> [Instructions to follow]:
Extract from the entries below, exactly as given, only the lines from the line containing "#226=CARTESIAN_POINT('',(10.,-53.,18.));" to the line containing "#253=VERTEX_POINT('',#252);", both lines included.

> [Listed entries]:
* * * * * * *

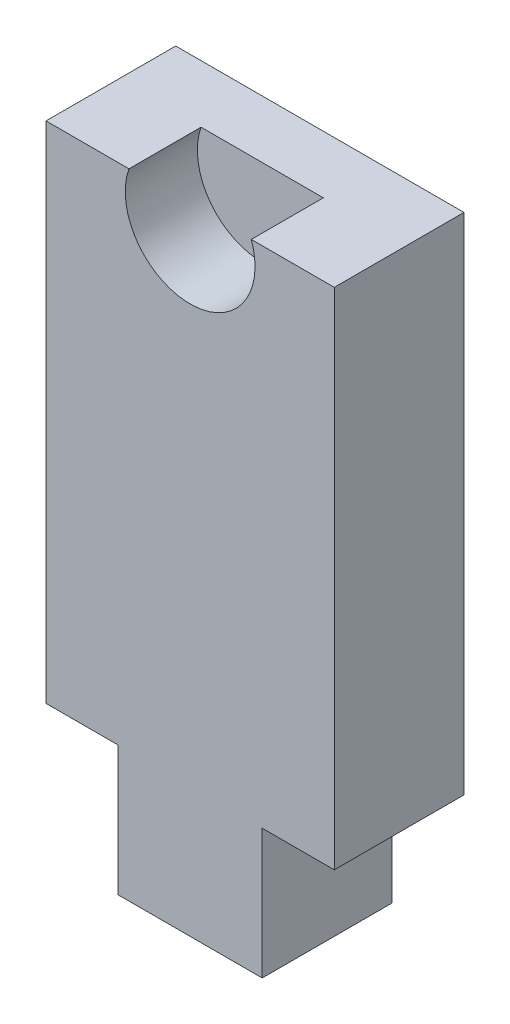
ISO-10303-21;
HEADER;
FILE_DESCRIPTION(('STEP AP214'),'2;1');
FILE_NAME('part.step','',(''),(''),'','','');
FILE_SCHEMA(('AUTOMOTIVE_DESIGN { 1 0 10303 214 1 1 1 1 }'));
ENDSEC;
DATA;
#1=APPLICATION_CONTEXT('core data for automotive mechanical design processes');
#2=APPLICATION_PROTOCOL_DEFINITION('international standard','automotive_design',2000,#1);
#3=PRODUCT_CONTEXT('',#1,'mechanical');
#4=PRODUCT('Part','Part','',(#3));
#5=PRODUCT_RELATED_PRODUCT_CATEGORY('part','',(#4));
#6=PRODUCT_DEFINITION_FORMATION('','',#4);
#7=PRODUCT_DEFINITION_CONTEXT('part definition',#1,'design');
#8=PRODUCT_DEFINITION('design','',#6,#7);
#9=PRODUCT_DEFINITION_SHAPE('','',#8);
#10=(LENGTH_UNIT() NAMED_UNIT(*) SI_UNIT(.MILLI.,.METRE.));
#11=(NAMED_UNIT(*) PLANE_ANGLE_UNIT() SI_UNIT($,.RADIAN.));
#12=(NAMED_UNIT(*) SI_UNIT($,.STERADIAN.) SOLID_ANGLE_UNIT());
#13=UNCERTAINTY_MEASURE_WITH_UNIT(LENGTH_MEASURE(1.E-05),#10,'distance_accuracy_value','');
#14=(GEOMETRIC_REPRESENTATION_CONTEXT(3) GLOBAL_UNCERTAINTY_ASSIGNED_CONTEXT((#13)) GLOBAL_UNIT_ASSIGNED_CONTEXT((#10,
#11,#12)) REPRESENTATION_CONTEXT('',''));
#15=CARTESIAN_POINT('',(0.,0.,0.));
#16=DIRECTION('',(0.,0.,1.));
#17=DIRECTION('',(1.,0.,0.));
#18=AXIS2_PLACEMENT_3D('',#15,#16,#17);
#19=CARTESIAN_POINT('',(-20.,-35.,18.));
#20=DIRECTION('',(0.,1.,0.));
#21=DIRECTION('',(0.,0.,1.));
#22=AXIS2_PLACEMENT_3D('',#19,#20,#21);
#23=PLANE('',#22);
#24=DIRECTION('',(0.,0.,1.));
#25=VECTOR('',#24,1.);
#26=CARTESIAN_POINT('',(10.,-35.,0.));
#27=LINE('',#26,#25);
#28=CARTESIAN_POINT('',(10.,-35.,0.));
#29=VERTEX_POINT('',#28);
#30=CARTESIAN_POINT('',(10.,-35.,18.));
#31=VERTEX_POINT('',#30);
#32=EDGE_CURVE('E142',#29,#31,#27,.T.);
#33=ORIENTED_EDGE('',*,*,#32,.F.);
#34=DIRECTION('',(1.,0.,0.));
#35=VECTOR('',#34,1.);
#36=CARTESIAN_POINT('',(-20.,-35.,0.));
#37=LINE('',#36,#35);
#38=CARTESIAN_POINT('',(20.,-35.,0.));
#39=VERTEX_POINT('',#38);
#40=EDGE_CURVE('E173',#29,#39,#37,.T.);
#41=ORIENTED_EDGE('',*,*,#40,.T.);
#42=DIRECTION('',(0.,0.,-1.));
#43=VECTOR('',#42,1.);
#44=CARTESIAN_POINT('',(20.,-35.,18.));
#45=LINE('',#44,#43);
#46=CARTESIAN_POINT('',(20.,-35.,18.));
#47=VERTEX_POINT('',#46);
#48=EDGE_CURVE('E166',#47,#39,#45,.T.);
#49=ORIENTED_EDGE('',*,*,#48,.F.);
#50=DIRECTION('',(1.,0.,0.));
#51=VECTOR('',#50,1.);
#52=CARTESIAN_POINT('',(-20.,-35.,18.));
#53=LINE('',#52,#51);
#54=EDGE_CURVE('E162',#31,#47,#53,.T.);
#55=ORIENTED_EDGE('',*,*,#54,.F.);
#56=EDGE_LOOP('',(#33,#41,#49,#55));
#57=FACE_BOUND('',#56,.T.);
#58=ADVANCED_FACE('F33',(#57),#23,.F.);
#59=CARTESIAN_POINT('',(20.,-35.,18.));
#60=DIRECTION('',(-1.,0.,0.));
#61=DIRECTION('',(0.,0.,1.));
#62=AXIS2_PLACEMENT_3D('',#59,#60,#61);
#63=PLANE('',#62);
#64=DIRECTION('',(0.,1.,0.));
#65=VECTOR('',#64,1.);
#66=CARTESIAN_POINT('',(20.,-35.,0.));
#67=LINE('',#66,#65);
#68=CARTESIAN_POINT('',(20.,35.,0.));
#69=VERTEX_POINT('',#68);
#70=EDGE_CURVE('E151',#39,#69,#67,.T.);
#71=ORIENTED_EDGE('',*,*,#70,.T.);
#72=DIRECTION('',(0.,0.,-1.));
#73=VECTOR('',#72,1.);
#74=CARTESIAN_POINT('',(20.,35.,18.));
#75=LINE('',#74,#73);
#76=CARTESIAN_POINT('',(20.,35.,18.));
#77=VERTEX_POINT('',#76);
#78=EDGE_CURVE('E183',#77,#69,#75,.T.);
#79=ORIENTED_EDGE('',*,*,#78,.F.);
#80=DIRECTION('',(0.,1.,0.));
#81=VECTOR('',#80,1.);
#82=CARTESIAN_POINT('',(20.,-35.,18.));
#83=LINE('',#82,#81);
#84=EDGE_CURVE('E152',#47,#77,#83,.T.);
#85=ORIENTED_EDGE('',*,*,#84,.F.);
#86=ORIENTED_EDGE('',*,*,#48,.T.);
#87=EDGE_LOOP('',(#71,#79,#85,#86));
#88=FACE_BOUND('',#87,.T.);
#89=ADVANCED_FACE('F35',(#88),#63,.F.);
#90=CARTESIAN_POINT('',(-20.,35.,18.));
#91=DIRECTION('',(0.,-1.,0.));
#92=DIRECTION('',(0.,0.,-1.));
#93=AXIS2_PLACEMENT_3D('',#90,#91,#92);
#94=PLANE('',#93);
#95=DIRECTION('',(-1.,0.,0.));
#96=VECTOR('',#95,1.);
#97=CARTESIAN_POINT('',(-20.,35.,8.));
#98=LINE('',#97,#96);
#99=CARTESIAN_POINT('',(8.48603724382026,35.,8.));
#100=VERTEX_POINT('',#99);
#101=CARTESIAN_POINT('',(-8.48603724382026,35.,8.));
#102=VERTEX_POINT('',#101);
#103=EDGE_CURVE('E11',#100,#102,#98,.T.);
#104=ORIENTED_EDGE('',*,*,#103,.F.);
#105=DIRECTION('',(0.,0.,1.));
#106=VECTOR('',#105,1.);
#107=CARTESIAN_POINT('',(8.48603724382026,35.,8.));
#108=LINE('',#107,#106);
#109=CARTESIAN_POINT('',(8.48603724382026,35.,18.));
#110=VERTEX_POINT('',#109);
#111=EDGE_CURVE('E148',#100,#110,#108,.T.);
#112=ORIENTED_EDGE('',*,*,#111,.T.);
#113=DIRECTION('',(-1.,0.,0.));
#114=VECTOR('',#113,1.);
#115=CARTESIAN_POINT('',(-20.,35.,18.));
#116=LINE('',#115,#114);
#117=EDGE_CURVE('E157',#77,#110,#116,.T.);
#118=ORIENTED_EDGE('',*,*,#117,.F.);
#119=ORIENTED_EDGE('',*,*,#78,.T.);
#120=DIRECTION('',(-1.,0.,0.));
#121=VECTOR('',#120,1.);
#122=CARTESIAN_POINT('',(-20.,35.,0.));
#123=LINE('',#122,#121);
#124=CARTESIAN_POINT('',(-20.,35.,0.));
#125=VERTEX_POINT('',#124);
#126=EDGE_CURVE('E169',#69,#125,#123,.T.);
#127=ORIENTED_EDGE('',*,*,#126,.T.);
#128=DIRECTION('',(0.,0.,-1.));
#129=VECTOR('',#128,1.);
#130=CARTESIAN_POINT('',(-20.,35.,18.));
#131=LINE('',#130,#129);
#132=CARTESIAN_POINT('',(-20.,35.,18.));
#133=VERTEX_POINT('',#132);
#134=EDGE_CURVE('E180',#133,#125,#131,.T.);
#135=ORIENTED_EDGE('',*,*,#134,.F.);
#136=CARTESIAN_POINT('',(-8.48603724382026,35.,18.));
#137=VERTEX_POINT('',#136);
#138=EDGE_CURVE('E155',#137,#133,#116,.T.);
#139=ORIENTED_EDGE('',*,*,#138,.F.);
#140=DIRECTION('',(0.,0.,1.));
#141=VECTOR('',#140,1.);
#142=CARTESIAN_POINT('',(-8.48603724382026,35.,8.));
#143=LINE('',#142,#141);
#144=EDGE_CURVE('E56',#137,#102,#143,.F.);
#145=ORIENTED_EDGE('',*,*,#144,.T.);
#146=EDGE_LOOP('',(#104,#112,#118,#119,#127,#135,#139,#145));
#147=FACE_BOUND('',#146,.T.);
#148=ADVANCED_FACE('F191',(#147),#94,.F.);
#149=CARTESIAN_POINT('',(-20.,-35.,18.));
#150=DIRECTION('',(1.,0.,0.));
#151=DIRECTION('',(0.,0.,-1.));
#152=AXIS2_PLACEMENT_3D('',#149,#150,#151);
#153=PLANE('',#152);
#154=DIRECTION('',(0.,-1.,0.));
#155=VECTOR('',#154,1.);
#156=CARTESIAN_POINT('',(-20.,-35.,0.));
#157=LINE('',#156,#155);
#158=CARTESIAN_POINT('',(-20.,-35.,0.));
#159=VERTEX_POINT('',#158);
#160=EDGE_CURVE('E171',#125,#159,#157,.T.);
#161=ORIENTED_EDGE('',*,*,#160,.T.);
#162=DIRECTION('',(0.,0.,-1.));
#163=VECTOR('',#162,1.);
#164=CARTESIAN_POINT('',(-20.,-35.,18.));
#165=LINE('',#164,#163);
#166=CARTESIAN_POINT('',(-20.,-35.,18.));
#167=VERTEX_POINT('',#166);
#168=EDGE_CURVE('E177',#167,#159,#165,.T.);
#169=ORIENTED_EDGE('',*,*,#168,.F.);
#170=DIRECTION('',(0.,-1.,0.));
#171=VECTOR('',#170,1.);
#172=CARTESIAN_POINT('',(-20.,-35.,18.));
#173=LINE('',#172,#171);
#174=EDGE_CURVE('E160',#133,#167,#173,.T.);
#175=ORIENTED_EDGE('',*,*,#174,.F.);
#176=ORIENTED_EDGE('',*,*,#134,.T.);
#177=EDGE_LOOP('',(#161,#169,#175,#176));
#178=FACE_BOUND('',#177,.T.);
#179=ADVANCED_FACE('F196',(#178),#153,.F.);
#180=CARTESIAN_POINT('',(-10.,-35.,0.));
#181=VERTEX_POINT('',#180);
#182=EDGE_CURVE('E156',#159,#181,#37,.T.);
#183=ORIENTED_EDGE('',*,*,#182,.T.);
#184=DIRECTION('',(0.,0.,1.));
#185=VECTOR('',#184,1.);
#186=CARTESIAN_POINT('',(-10.,-35.,0.));
#187=LINE('',#186,#185);
#188=CARTESIAN_POINT('',(-10.,-35.,18.));
#189=VERTEX_POINT('',#188);
#190=EDGE_CURVE('E131',#181,#189,#187,.T.);
#191=ORIENTED_EDGE('',*,*,#190,.T.);
#192=EDGE_CURVE('E163',#167,#189,#53,.T.);
#193=ORIENTED_EDGE('',*,*,#192,.F.);
#194=ORIENTED_EDGE('',*,*,#168,.T.);
#195=EDGE_LOOP('',(#183,#191,#193,#194));
#196=FACE_BOUND('',#195,.T.);
#197=ADVANCED_FACE('F199',(#196),#23,.F.);
#198=CARTESIAN_POINT('',(0.,0.,18.));
#199=DIRECTION('',(0.,0.,-1.));
#200=DIRECTION('',(-1.,0.,0.));
#201=AXIS2_PLACEMENT_3D('',#198,#199,#200);
#202=PLANE('',#201);
#203=ORIENTED_EDGE('',*,*,#117,.T.);
#204=CARTESIAN_POINT('',(0.,32.0021387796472,18.));
#205=DIRECTION('',(0.,0.,-1.));
#206=DIRECTION('',(-1.,0.,0.));
#207=AXIS2_PLACEMENT_3D('',#204,#205,#206);
#208=CIRCLE('',#207,9.);
#209=EDGE_CURVE('E41',#110,#137,#208,.T.);
#210=ORIENTED_EDGE('',*,*,#209,.T.);
#211=ORIENTED_EDGE('',*,*,#138,.T.);
#212=ORIENTED_EDGE('',*,*,#174,.T.);
#213=ORIENTED_EDGE('',*,*,#192,.T.);
#214=DIRECTION('',(0.,-1.,0.));
#215=VECTOR('',#214,1.);
#216=CARTESIAN_POINT('',(-10.,-53.,18.));
#217=LINE('',#216,#215);
#218=CARTESIAN_POINT('',(-10.,-53.,18.));
#219=VERTEX_POINT('',#218);
#220=EDGE_CURVE('E48',#189,#219,#217,.T.);
#221=ORIENTED_EDGE('',*,*,#220,.T.);
#222=DIRECTION('',(1.,0.,0.));
#223=VECTOR('',#222,1.);
#224=CARTESIAN_POINT('',(-10.,-53.,18.));
#225=LINE('',#224,#223);
#226=CARTESIAN_POINT('',(10.,-53.,18.));
#227=VERTEX_POINT('',#226);
#228=EDGE_CURVE('E115',#219,#227,#225,.T.);
#229=ORIENTED_EDGE('',*,*,#228,.T.);
#230=DIRECTION('',(0.,1.,0.));
#231=VECTOR('',#230,1.);
#232=CARTESIAN_POINT('',(10.,-53.,18.));
#233=LINE('',#232,#231);
#234=EDGE_CURVE('E132',#227,#31,#233,.T.);
#235=ORIENTED_EDGE('',*,*,#234,.T.);
#236=ORIENTED_EDGE('',*,*,#54,.T.);
#237=ORIENTED_EDGE('',*,*,#84,.T.);
#238=EDGE_LOOP('',(#203,#210,#211,#212,#213,#221,#229,#235,#236,#237));
#239=FACE_BOUND('',#238,.T.);
#240=ADVANCED_FACE('F187',(#239),#202,.F.);
#241=CARTESIAN_POINT('',(0.,0.,0.));
#242=DIRECTION('',(0.,0.,-1.));
#243=DIRECTION('',(-1.,0.,0.));
#244=AXIS2_PLACEMENT_3D('',#241,#242,#243);
#245=PLANE('',#244);
#246=ORIENTED_EDGE('',*,*,#70,.F.);
#247=ORIENTED_EDGE('',*,*,#40,.F.);
#248=DIRECTION('',(0.,1.,0.));
#249=VECTOR('',#248,1.);
#250=CARTESIAN_POINT('',(10.,-53.,0.));
#251=LINE('',#250,#249);
#252=CARTESIAN_POINT('',(10.,-53.,0.));
#253=VERTEX_POINT('',#252);
#254=EDGE_CURVE('E118',#253,#29,#251,.T.);
#255=ORIENTED_EDGE('',*,*,#254,.F.);
#256=DIRECTION('',(1.,0.,0.));
#257=VECTOR('',#256,1.);
#258=CARTESIAN_POINT('',(-10.,-53.,0.));
#259=LINE('',#258,#257);
#260=CARTESIAN_POINT('',(-10.,-53.,0.));
#261=VERTEX_POINT('',#260);
#262=EDGE_CURVE('E113',#261,#253,#259,.T.);
#263=ORIENTED_EDGE('',*,*,#262,.F.);
#264=DIRECTION('',(0.,-1.,0.));
#265=VECTOR('',#264,1.);
#266=CARTESIAN_POINT('',(-10.,-53.,0.));
#267=LINE('',#266,#265);
#268=EDGE_CURVE('E126',#181,#261,#267,.T.);
#269=ORIENTED_EDGE('',*,*,#268,.F.);
#270=ORIENTED_EDGE('',*,*,#182,.F.);
#271=ORIENTED_EDGE('',*,*,#160,.F.);
#272=ORIENTED_EDGE('',*,*,#126,.F.);
#273=EDGE_LOOP('',(#246,#247,#255,#263,#269,#270,#271,#272));
#274=FACE_BOUND('',#273,.T.);
#275=ADVANCED_FACE('F124',(#274),#245,.T.);
#276=CARTESIAN_POINT('',(0.,32.0021387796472,8.));
#277=DIRECTION('',(0.,0.,1.));
#278=DIRECTION('',(1.,0.,0.));
#279=AXIS2_PLACEMENT_3D('',#276,#277,#278);
#280=PLANE('',#279);
#281=ORIENTED_EDGE('',*,*,#103,.T.);
#282=CARTESIAN_POINT('',(0.,32.0021387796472,8.));
#283=DIRECTION('',(0.,0.,1.));
#284=DIRECTION('',(1.,0.,0.));
#285=AXIS2_PLACEMENT_3D('',#282,#283,#284);
#286=CIRCLE('',#285,9.);
#287=EDGE_CURVE('E141',#102,#100,#286,.T.);
#288=ORIENTED_EDGE('',*,*,#287,.T.);
#289=EDGE_LOOP('',(#281,#288));
#290=FACE_BOUND('',#289,.T.);
#291=ADVANCED_FACE('F270',(#290),#280,.T.);
#292=CARTESIAN_POINT('',(0.,32.0021387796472,8.));
#293=DIRECTION('',(0.,0.,1.));
#294=DIRECTION('',(1.,0.,0.));
#295=AXIS2_PLACEMENT_3D('',#292,#293,#294);
#296=CYLINDRICAL_SURFACE('',#295,9.);
#297=ORIENTED_EDGE('',*,*,#287,.F.);
#298=ORIENTED_EDGE('',*,*,#144,.F.);
#299=ORIENTED_EDGE('',*,*,#209,.F.);
#300=ORIENTED_EDGE('',*,*,#111,.F.);
#301=EDGE_LOOP('',(#297,#298,#299,#300));
#302=FACE_BOUND('',#301,.T.);
#303=ADVANCED_FACE('F217',(#302),#296,.F.);
#304=CARTESIAN_POINT('',(-10.,-53.,0.));
#305=DIRECTION('',(-1.,0.,0.));
#306=DIRECTION('',(0.,-1.,0.));
#307=AXIS2_PLACEMENT_3D('',#304,#305,#306);
#308=PLANE('',#307);
#309=ORIENTED_EDGE('',*,*,#220,.F.);
#310=ORIENTED_EDGE('',*,*,#190,.F.);
#311=ORIENTED_EDGE('',*,*,#268,.T.);
#312=DIRECTION('',(0.,0.,1.));
#313=VECTOR('',#312,1.);
#314=CARTESIAN_POINT('',(-10.,-53.,0.));
#315=LINE('',#314,#313);
#316=EDGE_CURVE('E110',#261,#219,#315,.T.);
#317=ORIENTED_EDGE('',*,*,#316,.T.);
#318=EDGE_LOOP('',(#309,#310,#311,#317));
#319=FACE_BOUND('',#318,.T.);
#320=ADVANCED_FACE('F130',(#319),#308,.T.);
#321=CARTESIAN_POINT('',(10.,-53.,0.));
#322=DIRECTION('',(1.,0.,0.));
#323=DIRECTION('',(0.,0.,-1.));
#324=AXIS2_PLACEMENT_3D('',#321,#322,#323);
#325=PLANE('',#324);
#326=ORIENTED_EDGE('',*,*,#234,.F.);
#327=DIRECTION('',(0.,0.,1.));
#328=VECTOR('',#327,1.);
#329=CARTESIAN_POINT('',(10.,-53.,0.));
#330=LINE('',#329,#328);
#331=EDGE_CURVE('E117',#253,#227,#330,.T.);
#332=ORIENTED_EDGE('',*,*,#331,.F.);
#333=ORIENTED_EDGE('',*,*,#254,.T.);
#334=ORIENTED_EDGE('',*,*,#32,.T.);
#335=EDGE_LOOP('',(#326,#332,#333,#334));
#336=FACE_BOUND('',#335,.T.);
#337=ADVANCED_FACE('F209',(#336),#325,.T.);
#338=CARTESIAN_POINT('',(-10.,-53.,0.));
#339=DIRECTION('',(0.,-1.,0.));
#340=DIRECTION('',(0.,0.,-1.));
#341=AXIS2_PLACEMENT_3D('',#338,#339,#340);
#342=PLANE('',#341);
#343=ORIENTED_EDGE('',*,*,#228,.F.);
#344=ORIENTED_EDGE('',*,*,#316,.F.);
#345=ORIENTED_EDGE('',*,*,#262,.T.);
#346=ORIENTED_EDGE('',*,*,#331,.T.);
#347=EDGE_LOOP('',(#343,#344,#345,#346));
#348=FACE_BOUND('',#347,.T.);
#349=ADVANCED_FACE('F112',(#348),#342,.T.);
#350=CLOSED_SHELL('',(#58,#89,#148,#179,#197,#240,#275,#291,#303,#320,#337,#349));
#351=MANIFOLD_SOLID_BREP('B2',#350);
#352=ADVANCED_BREP_SHAPE_REPRESENTATION('',(#18,#351),#14);
#353=SHAPE_DEFINITION_REPRESENTATION(#9,#352);
ENDSEC;
END-ISO-10303-21;

* * * * * * *

> [Expected answer]:
#226=CARTESIAN_POINT('',(10.,-53.,18.));
#227=VERTEX_POINT('',#226);
#228=EDGE_CURVE('E115',#219,#227,#225,.T.);
#229=ORIENTED_EDGE('',*,*,#228,.T.);
#230=DIRECTION('',(0.,1.,0.));
#231=VECTOR('',#230,1.);
#232=CARTESIAN_POINT('',(10.,-53.,18.));
#233=LINE('',#232,#231);
#234=EDGE_CURVE('E132',#227,#31,#233,.T.);
#235=ORIENTED_EDGE('',*,*,#234,.T.);
#236=ORIENTED_EDGE('',*,*,#54,.T.);
#237=ORIENTED_EDGE('',*,*,#84,.T.);
#238=EDGE_LOOP('',(#203,#210,#211,#212,#213,#221,#229,#235,#236,#237));
#239=FACE_BOUND('',#238,.T.);
#240=ADVANCED_FACE('F187',(#239),#202,.F.);
#241=CARTESIAN_POINT('',(0.,0.,0.));
#242=DIRECTION('',(0.,0.,-1.));
#243=DIRECTION('',(-1.,0.,0.));
#244=AXIS2_PLACEMENT_3D('',#241,#242,#243);
#245=PLANE('',#244);
#246=ORIENTED_EDGE('',*,*,#70,.F.);
#247=ORIENTED_EDGE('',*,*,#40,.F.);
#248=DIRECTION('',(0.,1.,0.));
#249=VECTOR('',#248,1.);
#250=CARTESIAN_POINT('',(10.,-53.,0.));
#251=LINE('',#250,#249);
#252=CARTESIAN_POINT('',(10.,-53.,0.));
#253=VERTEX_POINT('',#252);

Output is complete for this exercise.